Another option is the USDA loan program, made available thanks to the U.S. Department of Agriculture. Their goal is to help rural homebuyers acquire a mortgage without the barrier of a high down payment. If you look around and think you don’t live in a rural area, think again. 97% of the country is in an eligible area so do not discount your eligibility for this loan just because you do not consider your town rural. In fact, you can use this tool to enter your intended town or address and see if you are eligible.

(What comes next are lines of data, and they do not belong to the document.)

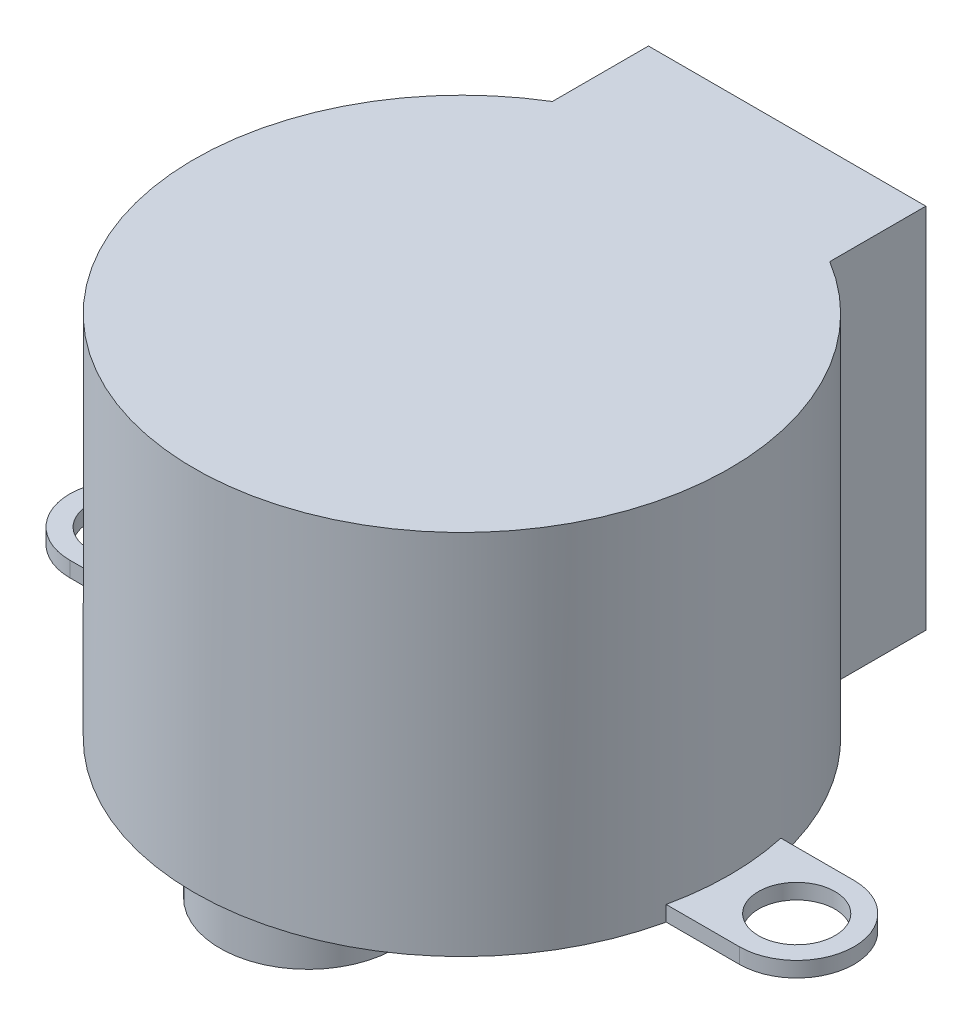
ISO-10303-21;
HEADER;
FILE_DESCRIPTION(('STEP AP214'),'2;1');
FILE_NAME('part.step','',(''),(''),'','','');
FILE_SCHEMA(('AUTOMOTIVE_DESIGN { 1 0 10303 214 1 1 1 1 }'));
ENDSEC;
DATA;
#1=APPLICATION_CONTEXT('core data for automotive mechanical design processes');
#2=APPLICATION_PROTOCOL_DEFINITION('international standard','automotive_design',2000,#1);
#3=PRODUCT_CONTEXT('',#1,'mechanical');
#4=PRODUCT('Part','Part','',(#3));
#5=PRODUCT_RELATED_PRODUCT_CATEGORY('part','',(#4));
#6=PRODUCT_DEFINITION_FORMATION('','',#4);
#7=PRODUCT_DEFINITION_CONTEXT('part definition',#1,'design');
#8=PRODUCT_DEFINITION('design','',#6,#7);
#9=PRODUCT_DEFINITION_SHAPE('','',#8);
#10=(LENGTH_UNIT() NAMED_UNIT(*) SI_UNIT(.MILLI.,.METRE.));
#11=(NAMED_UNIT(*) PLANE_ANGLE_UNIT() SI_UNIT($,.RADIAN.));
#12=(NAMED_UNIT(*) SI_UNIT($,.STERADIAN.) SOLID_ANGLE_UNIT());
#13=UNCERTAINTY_MEASURE_WITH_UNIT(LENGTH_MEASURE(1.E-05),#10,'distance_accuracy_value','');
#14=(GEOMETRIC_REPRESENTATION_CONTEXT(3) GLOBAL_UNCERTAINTY_ASSIGNED_CONTEXT((#13)) GLOBAL_UNIT_ASSIGNED_CONTEXT((#10,
#11,#12)) REPRESENTATION_CONTEXT('',''));
#15=CARTESIAN_POINT('',(0.,0.,0.));
#16=DIRECTION('',(0.,0.,1.));
#17=DIRECTION('',(1.,0.,0.));
#18=AXIS2_PLACEMENT_3D('',#15,#16,#17);
#19=CARTESIAN_POINT('',(-1.28230759344206E-13,6.8,8.05));
#20=DIRECTION('',(0.,-1.,0.));
#21=DIRECTION('',(0.,0.,-1.));
#22=AXIS2_PLACEMENT_3D('',#19,#20,#21);
#23=PLANE('',#22);
#24=CARTESIAN_POINT('',(-1.28100941995372E-13,6.8,8.05));
#25=DIRECTION('',(0.,1.,0.));
#26=DIRECTION('',(0.,0.,1.));
#27=AXIS2_PLACEMENT_3D('',#24,#25,#26);
#28=CIRCLE('',#27,2.5);
#29=CARTESIAN_POINT('',(-1.28100941995372E-13,6.8,10.55));
#30=VERTEX_POINT('',#29);
#31=EDGE_CURVE('E19',#30,#30,#28,.F.);
#32=ORIENTED_EDGE('',*,*,#31,.T.);
#33=EDGE_LOOP('',(#32));
#34=FACE_BOUND('',#33,.T.);
#35=ADVANCED_FACE('F16',(#34),#23,.T.);
#36=CARTESIAN_POINT('',(-1.28100941995372E-13,-3.2,8.05));
#37=DIRECTION('',(0.,1.,0.));
#38=DIRECTION('',(0.,0.,1.));
#39=AXIS2_PLACEMENT_3D('',#36,#37,#38);
#40=CYLINDRICAL_SURFACE('',#39,2.5);
#41=ORIENTED_EDGE('',*,*,#31,.F.);
#42=EDGE_LOOP('',(#41));
#43=FACE_BOUND('',#42,.T.);
#44=CARTESIAN_POINT('',(-1.28100941995372E-13,-3.2,8.05));
#45=DIRECTION('',(0.,1.,0.));
#46=DIRECTION('',(0.,0.,1.));
#47=AXIS2_PLACEMENT_3D('',#44,#45,#46);
#48=CIRCLE('',#47,2.5);
#49=CARTESIAN_POINT('',(-1.28100941995372E-13,-3.2,10.55));
#50=VERTEX_POINT('',#49);
#51=EDGE_CURVE('E164',#50,#50,#48,.T.);
#52=ORIENTED_EDGE('',*,*,#51,.F.);
#53=EDGE_LOOP('',(#52));
#54=FACE_BOUND('',#53,.T.);
#55=ADVANCED_FACE('F213',(#43,#54),#40,.F.);
#56=CARTESIAN_POINT('',(-1.28230759344206E-13,-3.2,8.05));
#57=DIRECTION('',(0.,-1.,0.));
#58=DIRECTION('',(0.,0.,-1.));
#59=AXIS2_PLACEMENT_3D('',#56,#57,#58);
#60=PLANE('',#59);
#61=ORIENTED_EDGE('',*,*,#51,.T.);
#62=EDGE_LOOP('',(#61));
#63=FACE_BOUND('',#62,.T.);
#64=CARTESIAN_POINT('',(-1.28100941995372E-13,-3.2,8.05));
#65=DIRECTION('',(0.,-1.,0.));
#66=DIRECTION('',(0.,0.,-1.));
#67=AXIS2_PLACEMENT_3D('',#64,#65,#66);
#68=CIRCLE('',#67,4.6);
#69=CARTESIAN_POINT('',(-1.28100941995372E-13,-3.2,3.45));
#70=VERTEX_POINT('',#69);
#71=EDGE_CURVE('E128',#70,#70,#68,.F.);
#72=ORIENTED_EDGE('',*,*,#71,.F.);
#73=EDGE_LOOP('',(#72));
#74=FACE_BOUND('',#73,.T.);
#75=ADVANCED_FACE('F216',(#63,#74),#60,.T.);
#76=CARTESIAN_POINT('',(13.6747943311773,0.,3.));
#77=DIRECTION('',(0.,0.,1.));
#78=DIRECTION('',(1.,0.,0.));
#79=AXIS2_PLACEMENT_3D('',#76,#77,#78);
#80=PLANE('',#79);
#81=DIRECTION('',(1.,0.,0.));
#82=VECTOR('',#81,1.);
#83=CARTESIAN_POINT('',(17.0873971655887,0.8,3.));
#84=LINE('',#83,#82);
#85=CARTESIAN_POINT('',(17.5,0.8,3.));
#86=VERTEX_POINT('',#85);
#87=CARTESIAN_POINT('',(13.6747943311773,0.8,3.));
#88=VERTEX_POINT('',#87);
#89=EDGE_CURVE('E202',#86,#88,#84,.F.);
#90=ORIENTED_EDGE('',*,*,#89,.T.);
#91=DIRECTION('',(0.,1.,0.));
#92=VECTOR('',#91,1.);
#93=CARTESIAN_POINT('',(13.6747943311773,0.,3.));
#94=LINE('',#93,#92);
#95=CARTESIAN_POINT('',(13.6747943311773,0.,3.));
#96=VERTEX_POINT('',#95);
#97=EDGE_CURVE('E163',#88,#96,#94,.F.);
#98=ORIENTED_EDGE('',*,*,#97,.T.);
#99=DIRECTION('',(1.,0.,0.));
#100=VECTOR('',#99,1.);
#101=CARTESIAN_POINT('',(0.,0.,3.));
#102=LINE('',#101,#100);
#103=CARTESIAN_POINT('',(17.5,0.,3.));
#104=VERTEX_POINT('',#103);
#105=EDGE_CURVE('E194',#96,#104,#102,.T.);
#106=ORIENTED_EDGE('',*,*,#105,.T.);
#107=DIRECTION('',(0.,1.,0.));
#108=VECTOR('',#107,1.);
#109=CARTESIAN_POINT('',(17.5,0.,3.));
#110=LINE('',#109,#108);
#111=EDGE_CURVE('E160',#86,#104,#110,.F.);
#112=ORIENTED_EDGE('',*,*,#111,.F.);
#113=EDGE_LOOP('',(#90,#98,#106,#112));
#114=FACE_BOUND('',#113,.T.);
#115=ADVANCED_FACE('F222',(#114),#80,.T.);
#116=CARTESIAN_POINT('',(17.5,0.,0.));
#117=DIRECTION('',(0.,1.,0.));
#118=DIRECTION('',(0.,0.,1.));
#119=AXIS2_PLACEMENT_3D('',#116,#117,#118);
#120=CYLINDRICAL_SURFACE('',#119,3.);
#121=CARTESIAN_POINT('',(17.5,0.8,0.));
#122=DIRECTION('',(0.,1.,0.));
#123=DIRECTION('',(0.,0.,1.));
#124=AXIS2_PLACEMENT_3D('',#121,#122,#123);
#125=CIRCLE('',#124,3.);
#126=CARTESIAN_POINT('',(17.5,0.8,-3.));
#127=VERTEX_POINT('',#126);
#128=EDGE_CURVE('E199',#127,#86,#125,.F.);
#129=ORIENTED_EDGE('',*,*,#128,.T.);
#130=ORIENTED_EDGE('',*,*,#111,.T.);
#131=CARTESIAN_POINT('',(17.5,0.,0.));
#132=DIRECTION('',(0.,1.,0.));
#133=DIRECTION('',(0.,0.,1.));
#134=AXIS2_PLACEMENT_3D('',#131,#132,#133);
#135=CIRCLE('',#134,3.);
#136=CARTESIAN_POINT('',(17.5,0.,-3.));
#137=VERTEX_POINT('',#136);
#138=EDGE_CURVE('E192',#104,#137,#135,.T.);
#139=ORIENTED_EDGE('',*,*,#138,.T.);
#140=DIRECTION('',(0.,1.,0.));
#141=VECTOR('',#140,1.);
#142=CARTESIAN_POINT('',(17.5,0.,-3.));
#143=LINE('',#142,#141);
#144=EDGE_CURVE('E155',#127,#137,#143,.F.);
#145=ORIENTED_EDGE('',*,*,#144,.F.);
#146=EDGE_LOOP('',(#129,#130,#139,#145));
#147=FACE_BOUND('',#146,.T.);
#148=ADVANCED_FACE('F281',(#147),#120,.T.);
#149=CARTESIAN_POINT('',(17.5,0.,-3.));
#150=DIRECTION('',(0.,0.,-1.));
#151=DIRECTION('',(-1.,0.,0.));
#152=AXIS2_PLACEMENT_3D('',#149,#150,#151);
#153=PLANE('',#152);
#154=DIRECTION('',(1.,0.,0.));
#155=VECTOR('',#154,1.);
#156=CARTESIAN_POINT('',(17.0873971655887,0.8,-3.));
#157=LINE('',#156,#155);
#158=CARTESIAN_POINT('',(13.6747943311773,0.8,-3.));
#159=VERTEX_POINT('',#158);
#160=EDGE_CURVE('E198',#159,#127,#157,.T.);
#161=ORIENTED_EDGE('',*,*,#160,.T.);
#162=ORIENTED_EDGE('',*,*,#144,.T.);
#163=DIRECTION('',(1.,0.,0.));
#164=VECTOR('',#163,1.);
#165=CARTESIAN_POINT('',(0.,0.,-3.));
#166=LINE('',#165,#164);
#167=CARTESIAN_POINT('',(13.6747943311773,0.,-3.));
#168=VERTEX_POINT('',#167);
#169=EDGE_CURVE('E149',#137,#168,#166,.F.);
#170=ORIENTED_EDGE('',*,*,#169,.T.);
#171=DIRECTION('',(0.,1.,0.));
#172=VECTOR('',#171,1.);
#173=CARTESIAN_POINT('',(13.6747943311773,0.,-3.));
#174=LINE('',#173,#172);
#175=EDGE_CURVE('E158',#168,#159,#174,.T.);
#176=ORIENTED_EDGE('',*,*,#175,.T.);
#177=EDGE_LOOP('',(#161,#162,#170,#176));
#178=FACE_BOUND('',#177,.T.);
#179=ADVANCED_FACE('F278',(#178),#153,.T.);
#180=CARTESIAN_POINT('',(-13.6747943311773,0.,-3.));
#181=DIRECTION('',(0.,0.,-1.));
#182=DIRECTION('',(-1.,0.,0.));
#183=AXIS2_PLACEMENT_3D('',#180,#181,#182);
#184=PLANE('',#183);
#185=DIRECTION('',(1.,0.,0.));
#186=VECTOR('',#185,1.);
#187=CARTESIAN_POINT('',(-17.0873971655887,0.8,-3.));
#188=LINE('',#187,#186);
#189=CARTESIAN_POINT('',(-17.5,0.8,-3.));
#190=VERTEX_POINT('',#189);
#191=CARTESIAN_POINT('',(-13.6747943311773,0.8,-3.));
#192=VERTEX_POINT('',#191);
#193=EDGE_CURVE('E105',#190,#192,#188,.T.);
#194=ORIENTED_EDGE('',*,*,#193,.T.);
#195=DIRECTION('',(0.,1.,0.));
#196=VECTOR('',#195,1.);
#197=CARTESIAN_POINT('',(-13.6747943311773,0.,-3.));
#198=LINE('',#197,#196);
#199=CARTESIAN_POINT('',(-13.6747943311773,0.,-3.));
#200=VERTEX_POINT('',#199);
#201=EDGE_CURVE('E111',#192,#200,#198,.F.);
#202=ORIENTED_EDGE('',*,*,#201,.T.);
#203=DIRECTION('',(1.,0.,0.));
#204=VECTOR('',#203,1.);
#205=CARTESIAN_POINT('',(0.,0.,-3.));
#206=LINE('',#205,#204);
#207=CARTESIAN_POINT('',(-17.5,0.,-3.));
#208=VERTEX_POINT('',#207);
#209=EDGE_CURVE('E108',#200,#208,#206,.F.);
#210=ORIENTED_EDGE('',*,*,#209,.T.);
#211=DIRECTION('',(0.,1.,0.));
#212=VECTOR('',#211,1.);
#213=CARTESIAN_POINT('',(-17.5,0.,-3.));
#214=LINE('',#213,#212);
#215=EDGE_CURVE('E102',#190,#208,#214,.F.);
#216=ORIENTED_EDGE('',*,*,#215,.F.);
#217=EDGE_LOOP('',(#194,#202,#210,#216));
#218=FACE_BOUND('',#217,.T.);
#219=ADVANCED_FACE('F103',(#218),#184,.T.);
#220=CARTESIAN_POINT('',(-17.5,0.,0.));
#221=DIRECTION('',(0.,1.,0.));
#222=DIRECTION('',(0.,0.,1.));
#223=AXIS2_PLACEMENT_3D('',#220,#221,#222);
#224=CYLINDRICAL_SURFACE('',#223,3.);
#225=CARTESIAN_POINT('',(-17.5,0.8,0.));
#226=DIRECTION('',(0.,1.,0.));
#227=DIRECTION('',(0.,0.,1.));
#228=AXIS2_PLACEMENT_3D('',#225,#226,#227);
#229=CIRCLE('',#228,3.);
#230=CARTESIAN_POINT('',(-17.5,0.8,3.));
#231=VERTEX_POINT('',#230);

In some cases, you may find you are unable to find the right loan to cover the entire down payment. That’s ok, there are still options for you. One option is to look at low down payment loans or find alternative ways to pay for the down payment. There are programs for down payment grants, no-interest second mortgages and gifts for down payment.
Down Payment Grants and Assistance
Many homebuyers are surprised at the opportunities that exist to obtain down payment grants or assistance. Contrary to this belief, these types of programs are available and are designed to help homebuyers who do not qualify for the no down payment loans. Like a piggyback loan, some loan assistance programs offer an interest-free second mortgage(3) to cover the down payment. Better still are the programs that offer grant money that allows you to pay a down payment with an obligation to pay it back. A recent article from Bankrate suggests that our own perceptions on down payment assistance are skewed from reality and therefore these options are overlooked.“When you think of down payment assistance, you think of borrowers that are income-challenged, but these are not just for low-income folks,” says Deborah Holloway, a senior loan originator with Christensen Mortgage Services in Melbourne, Florida. They are for working people who make a decent income but don’t have enough to save for a down payment.”
80/20 Loans (Piggyback Loans)
A piggyback loan is another way to pay for your down payment without going out of pocket. With piggyback loans homebuyers take out two loans to cover the cost of a home: one for 80% of the price and one for the final 20%(4). Each loan will have their own terms and generally the smaller loan will come with higher interest although you can find deferred payment junior loans. As the buyer, you will still need to cover the closing costs for both loans.
The loans we have examined until now are the most traditional and widespread options for buying a home with no down payment. However, it is also possible to find options from private lenders that allow you to finance without a large upfront down payment. If the traditional routes do not fit your background, a good place to start is with local banks and credit unions.
How to Turn Low-Payment Into No Upfront Payment
The alternative to a zero down payment mortgage is a combination of a low upfront loan with a program that will finance your down payment. A few ways to do this are gift funds, down payment grants and taking out an additional loan like a deferred junior loan or an 80/20 piggyback loan.
An FHA loan is a home loan from a private lender that is insured by the FHA. Since 1934, the FHA loan program has helped first time home buyers on the path to ownership. They offer low down payment requirements and are relatively generous with credit scores. FHA loans eligibility dictates that a buyer must put a 3.5% down(5) and meet with a list of requirements. You can turn this low payment mortgage into a no down payment loan by funding your down payment from approved gifts.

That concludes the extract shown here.